What Is the Degrees to Radians Calculator?
This calculator converts an angle measured in degrees into radians, the standard unit of angular measure used throughout higher mathematics, physics, and engineering. A full circle is 360 degrees, which is equal to 2π radians. The calculator also expresses the result as a clean multiple of π so you can recognise familiar angles at a glance.
How to Use It
Enter your angle in the Degrees field and submit. The tool returns the equivalent value in radians (decimal form) along with the same value written as a fraction of π. Negative angles and decimals are fully supported, so you can convert anything from −45° to 137.5°.
The Formula Explained
The conversion relies on the relationship that 180° equals π radians. To convert from degrees to radians, multiply the degree value by π/180:
$$\text{radians} = \text{degrees} \times \frac{\pi}{180}$$
To go the other way, multiply the radian value by \(\frac{180}{\pi}\).

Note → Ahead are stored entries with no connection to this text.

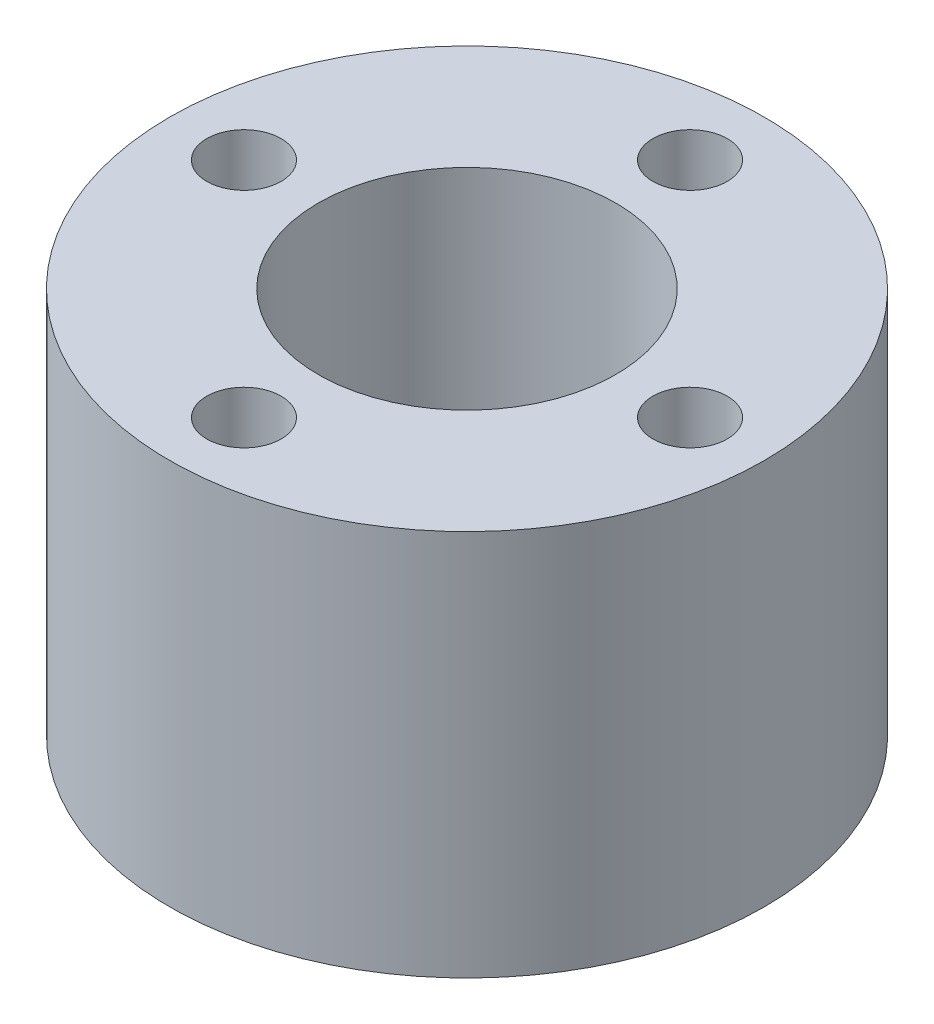
SolidWorks part; units mm, degrees
material "合金钢"
ref_plane "前视基准面" through (0, 0, 0) normal (0, 0, 1) x (1, 0, 0)
ref_plane "上视基准面" through (0, 0, 0) normal (0, 1, 0) x (1, 0, 0)
ref_plane "右视基准面" through (0, 0, 0) normal (1, 0, 0) x (0, 0, -1)
other "Configuration Table"
sketch "草图2" plane through (0, 0, 0) normal (0, 0, 1) x (1, 0, 0)
  line L0 (0, 13) -> (0, 0) construction
  line L6 (5, 13) -> (10, 13)
  line L7 (10, 13) -> (10, 0)
  line L8 (10, 0) -> (5, 0)
  line L9 (5, 0) -> (5, 13)
  dimension "D1" = 10
  dimension "D2" = 20
  dimension "D3" = 13
revolve "旋转1" add sketch "草图2" angle 360 about L0
sketch "草图4" plane through (0, 13, 0) normal (0, 1, 0) x (1, 0, 0)
  line L0 (0, 10) -> (0, 7.5) construction
  line L1 (0, 7.5) -> (0, 5) construction
  circle A1 centre (0, 0) radius 7.5 construction
  circle A2 centre (0, 0) radius 10 construction
  circle A3 centre (0, 0) radius 5 construction
  circle A4 centre (0, 7.5) radius 1.25
  circle A5 centre (7.5, 0) radius 1.25
  circle A6 centre (0, -7.5) radius 1.25
  circle A7 centre (-7.5, 0) radius 1.25
  point P17 (0, 0)
  dimension "D1" = 2.5
  dimension "D2" = 4
extrude "切除-拉伸1" cut sketch "草图4" against normal through all
equation "\"D\"= 10"
equation "\"D1\"= 20"
equation "\"L\"= 13"
equation "\"D1@草图2\"=\"D\""
equation "\"D2@草图2\"=\"D1\""
equation "\"D3@草图2\"=\"L\""
equation "\"M\"= 2.5"
equation "\"N\"= 4"
equation "\"D1@草图4\"=\"M\""
equation "\"D2@草图4\"=\"N\""

Because \(\pi \approx 3.14159265\), one degree is roughly \(0.01745\) radians.
Worked Example
Convert 90 degrees to radians. Multiply:
$$90 \times \frac{\pi}{180} = \frac{\pi}{2} \approx 1.570796 \text{ radians}$$Expressed as a multiple of π, 90° equals \(0.5 \times \pi\). Likewise, \(180° = \pi \approx 3.141593\) radians, and \(360° = 2\pi \approx 6.283185\) radians.
FAQ
Why use radians instead of degrees? Radians arise naturally from the geometry of a circle (arc length ÷ radius) and make calculus formulas for trigonometric functions much simpler — for example, the derivative of \(\sin x\) equals \(\cos x\) only when \(x\) is in radians.
How many radians are in a full circle? A full revolution is \(2\pi\) radians, approximately \(6.283185\) radians, equal to 360 degrees.
Can I convert radians back to degrees? Yes. Multiply the radian value by \(\frac{180}{\pi}\). For instance, \(1\) radian \(\approx 57.2958\) degrees.